Harriet
- Author: Jilly Cooper
- Language: English
- Genre: Romance
- Set in: 20th-century England
- Publication date: 1976
- Publication place: United Kingdom
- Preceded by: Bella
- Followed by: Octavia
- Website: https://www.jillycooper.co.uk/books/harriet/

= Harriet (novel) =

1976 novel by Jilly Cooper

Harriet is a 1976 romance novel by English author Jilly Cooper. The eponymous lead, Harriet falls pregnant while at university and leaves to have the baby after the father breaks up with her. She moves to Yorkshire where she is employed by screenwriter Cory Erskine as a nanny to his two children; they ultimately realise they are in love, decide to become a couple and combine their families. Barbara Cartland reviewed the novel, describing it as "melodramatic" and denied that it belonged to the wider romance genre. In 2018 Red selected the work as one of their top ten Cooper novels. In 2013 The Telegraph reported that the novel was being adapted into a musical by Eva Rice, novelist and daughter of Tim Rice.

== Plot ==
A brief affair between Oxford University students Harriet Poole and Simon Villiers leads to Harriet becoming pregnant. Dumped by Simon and leaving university, she has the baby, who she calls William – despite Simon insisting she abort the embryo. Harriet moves to Yorkshire where she is employed by screenwriter Cory Erskine as a nanny to his two children, which means that she can work and look after her own child. Cory's ex-wife temporarily returns seeking a reconciliation, and his brother Kit also visits and shows sexual interest in Harriet. Simon also appears in Yorkshire, seeking Harriet and his son out. Ultimately Harriet and Cory realise they are in love, decide to become a couple and combine their families.

== Characters ==

- Harriet Poole
- Simon Villiers
- Cory Erskine
- Noel Erskine

== Reception ==
Published in 1976, the novel is 220 pages. Upon publication in 1976, writing in the Daily Express, romance novelist Barbara Cartland reviewed the novel, agreeing with its cover description that it was "melodramatic". Although she admitted the book was well-written, Cartland disliked the characterisation and took umbrage with a plot where the woman gets pregnant and has a baby while unmarried. Cartland also argued against Harriet being part of a wider tradition of romance genre: she describes it as both "physical and spiritual" and stresses its emphasis on beauty. This was in contrast to Harriet, where Cartland stated:

"Yet nothing is uglier and less romantic than the characters typified in this novel, with every woman in it lusting after sex, and the men understandably contemptuous of them."
— Barbara Cartland

Reviewing the novel in 1978, The Bracknell Times described the novel as "affable corn with some very amusing passages" and praised how its characters seemed more realistic than usual for Cooper's writing. An episode in the book where one of the characters suffers from meningitis was inspired by her own experience with the hospitalisation of her son Felix. Mary Kenny, writing in 1988 in The Sunday Telegraph, described how a reader wrote to her and described the novel "as the most anti-abortion tract she had ever read", since the protagonist does not have an abortion and by not doing so meets the love of her life.

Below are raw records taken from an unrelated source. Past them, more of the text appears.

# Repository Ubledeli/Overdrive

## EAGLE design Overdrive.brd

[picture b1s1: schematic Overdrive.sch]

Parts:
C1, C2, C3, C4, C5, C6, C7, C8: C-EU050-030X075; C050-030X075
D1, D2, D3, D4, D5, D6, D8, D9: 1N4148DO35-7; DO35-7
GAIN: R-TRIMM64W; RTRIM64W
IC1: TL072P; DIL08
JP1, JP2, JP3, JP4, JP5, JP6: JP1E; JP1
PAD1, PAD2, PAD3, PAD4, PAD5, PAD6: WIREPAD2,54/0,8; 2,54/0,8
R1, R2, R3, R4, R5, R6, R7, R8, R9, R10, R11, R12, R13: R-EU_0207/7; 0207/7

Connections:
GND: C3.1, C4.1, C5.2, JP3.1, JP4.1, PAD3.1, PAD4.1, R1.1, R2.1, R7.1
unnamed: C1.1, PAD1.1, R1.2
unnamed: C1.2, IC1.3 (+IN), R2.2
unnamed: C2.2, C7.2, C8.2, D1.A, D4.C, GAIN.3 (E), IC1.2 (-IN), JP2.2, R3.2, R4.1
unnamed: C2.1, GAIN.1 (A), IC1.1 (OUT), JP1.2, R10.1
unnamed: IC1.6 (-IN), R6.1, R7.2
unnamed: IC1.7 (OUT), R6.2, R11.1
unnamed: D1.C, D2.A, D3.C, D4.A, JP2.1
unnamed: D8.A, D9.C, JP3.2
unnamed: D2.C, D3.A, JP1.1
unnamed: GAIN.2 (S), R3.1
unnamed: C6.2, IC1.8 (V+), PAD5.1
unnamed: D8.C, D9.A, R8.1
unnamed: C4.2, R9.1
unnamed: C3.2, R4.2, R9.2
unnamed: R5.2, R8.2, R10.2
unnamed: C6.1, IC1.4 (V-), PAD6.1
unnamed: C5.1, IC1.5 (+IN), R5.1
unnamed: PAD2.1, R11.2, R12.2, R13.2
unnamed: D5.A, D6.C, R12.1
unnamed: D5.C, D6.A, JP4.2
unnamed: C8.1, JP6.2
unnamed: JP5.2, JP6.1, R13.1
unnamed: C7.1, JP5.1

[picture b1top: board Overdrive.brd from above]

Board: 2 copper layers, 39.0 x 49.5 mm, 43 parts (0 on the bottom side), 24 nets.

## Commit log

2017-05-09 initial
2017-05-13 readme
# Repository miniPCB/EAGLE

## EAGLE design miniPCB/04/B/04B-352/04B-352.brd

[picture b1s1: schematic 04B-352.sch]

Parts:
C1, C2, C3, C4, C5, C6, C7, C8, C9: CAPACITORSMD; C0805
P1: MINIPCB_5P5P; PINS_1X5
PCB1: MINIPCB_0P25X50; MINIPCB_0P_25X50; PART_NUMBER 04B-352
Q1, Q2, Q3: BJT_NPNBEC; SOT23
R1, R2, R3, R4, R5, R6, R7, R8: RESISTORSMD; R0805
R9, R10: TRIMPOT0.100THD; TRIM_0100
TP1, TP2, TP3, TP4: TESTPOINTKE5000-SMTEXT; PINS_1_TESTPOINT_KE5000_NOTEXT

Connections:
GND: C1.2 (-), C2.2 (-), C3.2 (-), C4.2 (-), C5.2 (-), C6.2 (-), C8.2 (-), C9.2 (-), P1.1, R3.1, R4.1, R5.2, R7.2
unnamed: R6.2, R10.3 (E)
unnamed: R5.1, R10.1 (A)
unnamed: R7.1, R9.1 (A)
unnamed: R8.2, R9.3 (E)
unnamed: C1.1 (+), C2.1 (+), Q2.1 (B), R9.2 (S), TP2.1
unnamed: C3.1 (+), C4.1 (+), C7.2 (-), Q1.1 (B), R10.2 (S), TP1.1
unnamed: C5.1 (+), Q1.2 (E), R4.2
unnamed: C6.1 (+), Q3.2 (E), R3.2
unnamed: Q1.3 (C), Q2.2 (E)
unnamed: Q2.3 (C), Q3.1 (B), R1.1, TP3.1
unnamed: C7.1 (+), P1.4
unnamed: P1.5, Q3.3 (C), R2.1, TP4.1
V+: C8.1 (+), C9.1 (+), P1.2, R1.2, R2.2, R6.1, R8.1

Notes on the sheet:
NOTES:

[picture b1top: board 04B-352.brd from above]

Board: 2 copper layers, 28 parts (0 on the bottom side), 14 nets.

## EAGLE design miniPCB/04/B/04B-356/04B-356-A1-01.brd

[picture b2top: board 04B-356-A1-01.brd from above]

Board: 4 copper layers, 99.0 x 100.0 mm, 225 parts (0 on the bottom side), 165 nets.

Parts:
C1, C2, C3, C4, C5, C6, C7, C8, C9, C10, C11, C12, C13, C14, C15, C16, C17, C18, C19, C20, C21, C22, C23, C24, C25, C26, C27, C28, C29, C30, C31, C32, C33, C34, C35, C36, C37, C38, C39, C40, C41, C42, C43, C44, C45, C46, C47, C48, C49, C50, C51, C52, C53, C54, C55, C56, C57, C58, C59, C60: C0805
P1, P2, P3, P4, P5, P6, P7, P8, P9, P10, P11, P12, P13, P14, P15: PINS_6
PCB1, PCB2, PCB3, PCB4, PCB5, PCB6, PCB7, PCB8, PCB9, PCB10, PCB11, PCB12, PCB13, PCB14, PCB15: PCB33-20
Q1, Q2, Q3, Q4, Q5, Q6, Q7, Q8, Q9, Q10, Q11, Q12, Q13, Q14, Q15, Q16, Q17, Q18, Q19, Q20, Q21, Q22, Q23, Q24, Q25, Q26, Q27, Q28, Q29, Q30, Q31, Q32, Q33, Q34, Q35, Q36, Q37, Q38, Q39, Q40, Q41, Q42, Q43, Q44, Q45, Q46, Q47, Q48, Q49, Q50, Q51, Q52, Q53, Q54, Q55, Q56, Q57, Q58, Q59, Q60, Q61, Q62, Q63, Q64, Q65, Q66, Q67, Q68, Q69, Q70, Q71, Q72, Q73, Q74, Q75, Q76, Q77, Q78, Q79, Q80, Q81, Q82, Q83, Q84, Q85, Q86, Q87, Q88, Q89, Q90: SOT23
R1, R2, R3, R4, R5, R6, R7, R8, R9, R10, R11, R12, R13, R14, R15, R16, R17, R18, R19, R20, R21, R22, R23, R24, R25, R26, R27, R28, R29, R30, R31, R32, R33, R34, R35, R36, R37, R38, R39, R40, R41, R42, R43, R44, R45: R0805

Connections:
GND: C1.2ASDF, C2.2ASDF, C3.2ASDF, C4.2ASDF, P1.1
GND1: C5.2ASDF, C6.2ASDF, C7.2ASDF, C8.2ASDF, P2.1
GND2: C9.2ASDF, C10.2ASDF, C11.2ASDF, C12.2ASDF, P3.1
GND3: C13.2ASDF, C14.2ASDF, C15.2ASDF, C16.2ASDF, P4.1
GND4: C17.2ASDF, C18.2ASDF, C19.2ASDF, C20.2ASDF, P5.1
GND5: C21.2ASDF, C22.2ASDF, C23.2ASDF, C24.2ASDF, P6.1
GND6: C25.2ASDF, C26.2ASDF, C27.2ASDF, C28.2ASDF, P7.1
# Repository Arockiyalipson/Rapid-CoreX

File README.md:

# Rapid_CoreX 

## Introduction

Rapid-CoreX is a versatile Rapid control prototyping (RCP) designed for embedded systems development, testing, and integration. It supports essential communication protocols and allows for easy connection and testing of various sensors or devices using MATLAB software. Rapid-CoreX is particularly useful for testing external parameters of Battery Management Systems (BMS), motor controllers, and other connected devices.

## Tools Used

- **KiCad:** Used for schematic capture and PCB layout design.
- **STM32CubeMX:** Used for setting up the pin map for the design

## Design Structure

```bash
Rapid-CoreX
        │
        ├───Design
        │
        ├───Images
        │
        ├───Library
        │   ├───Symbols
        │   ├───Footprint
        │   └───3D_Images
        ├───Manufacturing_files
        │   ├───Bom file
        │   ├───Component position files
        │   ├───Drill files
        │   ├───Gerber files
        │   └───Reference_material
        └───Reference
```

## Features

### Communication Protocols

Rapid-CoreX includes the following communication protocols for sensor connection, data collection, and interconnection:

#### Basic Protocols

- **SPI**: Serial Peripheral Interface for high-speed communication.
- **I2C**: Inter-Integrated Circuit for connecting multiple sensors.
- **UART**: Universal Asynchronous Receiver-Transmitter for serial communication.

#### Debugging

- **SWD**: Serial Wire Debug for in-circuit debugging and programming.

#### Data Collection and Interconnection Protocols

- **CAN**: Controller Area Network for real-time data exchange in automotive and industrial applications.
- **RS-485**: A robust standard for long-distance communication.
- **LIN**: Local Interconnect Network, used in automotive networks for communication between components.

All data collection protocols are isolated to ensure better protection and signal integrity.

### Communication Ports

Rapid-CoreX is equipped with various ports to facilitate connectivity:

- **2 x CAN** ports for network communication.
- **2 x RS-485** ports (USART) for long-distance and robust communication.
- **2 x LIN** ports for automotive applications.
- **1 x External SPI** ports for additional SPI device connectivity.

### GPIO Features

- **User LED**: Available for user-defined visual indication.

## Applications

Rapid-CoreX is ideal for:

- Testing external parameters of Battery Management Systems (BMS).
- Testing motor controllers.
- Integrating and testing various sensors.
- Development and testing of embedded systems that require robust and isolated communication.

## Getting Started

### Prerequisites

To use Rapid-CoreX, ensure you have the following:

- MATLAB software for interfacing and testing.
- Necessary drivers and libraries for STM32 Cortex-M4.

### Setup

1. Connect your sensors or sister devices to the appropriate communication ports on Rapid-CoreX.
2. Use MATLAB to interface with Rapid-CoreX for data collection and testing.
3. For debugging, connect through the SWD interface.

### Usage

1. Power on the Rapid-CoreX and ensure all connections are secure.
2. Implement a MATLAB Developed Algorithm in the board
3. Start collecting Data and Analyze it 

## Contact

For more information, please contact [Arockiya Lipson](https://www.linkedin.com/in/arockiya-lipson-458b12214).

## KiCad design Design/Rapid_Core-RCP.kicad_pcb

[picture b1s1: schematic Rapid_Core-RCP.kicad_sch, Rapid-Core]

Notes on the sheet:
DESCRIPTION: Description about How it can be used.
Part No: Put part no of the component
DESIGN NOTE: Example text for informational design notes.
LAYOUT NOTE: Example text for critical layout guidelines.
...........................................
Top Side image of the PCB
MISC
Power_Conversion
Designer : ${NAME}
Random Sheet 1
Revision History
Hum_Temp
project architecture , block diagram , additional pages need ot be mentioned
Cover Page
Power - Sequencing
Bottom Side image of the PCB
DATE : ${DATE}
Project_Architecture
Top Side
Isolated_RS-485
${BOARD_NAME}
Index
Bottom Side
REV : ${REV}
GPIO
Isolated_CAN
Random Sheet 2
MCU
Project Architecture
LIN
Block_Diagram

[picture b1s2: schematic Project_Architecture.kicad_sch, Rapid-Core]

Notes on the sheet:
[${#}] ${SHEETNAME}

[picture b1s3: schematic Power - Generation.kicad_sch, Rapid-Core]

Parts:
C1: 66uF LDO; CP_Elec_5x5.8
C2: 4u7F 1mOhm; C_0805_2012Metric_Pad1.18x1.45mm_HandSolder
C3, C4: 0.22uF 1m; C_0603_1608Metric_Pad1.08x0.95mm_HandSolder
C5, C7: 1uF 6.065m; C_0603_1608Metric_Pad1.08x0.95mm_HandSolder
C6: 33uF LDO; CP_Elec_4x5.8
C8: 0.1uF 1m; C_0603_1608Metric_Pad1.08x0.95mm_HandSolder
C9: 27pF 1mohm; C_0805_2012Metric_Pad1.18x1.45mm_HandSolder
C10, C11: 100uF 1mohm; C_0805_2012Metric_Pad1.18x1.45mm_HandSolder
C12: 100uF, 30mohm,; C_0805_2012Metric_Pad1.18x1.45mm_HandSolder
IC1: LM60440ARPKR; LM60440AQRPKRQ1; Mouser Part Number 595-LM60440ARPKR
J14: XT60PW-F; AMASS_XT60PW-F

Writing in 2018, Harriet's awkward character was praised by Sarra Manning writing in Red. The same year, Red selected the novel as one of their top ten Cooper novels. In 2023 Irish journalist Emily Hourican stated she'd choose Harriet and the other novels in Cooper's romance series as her specialist subject on Mastermind. In 2024, Tanya Gold described Simon Villiers as an "idiot" in her precis of Cooper's romance series.

== Adaptations ==
In 2007 a television adaptation of the novel was mooted. This was suggested as one of a four-part series focussing on one of Cooper's romance novels; the only episode to be filmed was the first, Octavia.

In 2013 The Telegraph reported that the novel was being adapted into a musical by Eva Rice, novelist and daughter of Tim Rice. This would be the first of Cooper's works to be performed as a musical. At the time Cooper hoped that Dominic West would play Cory Erskine. In 2021 music from the under-development adaptation was played by Elaine Paige on BBC Radio 2.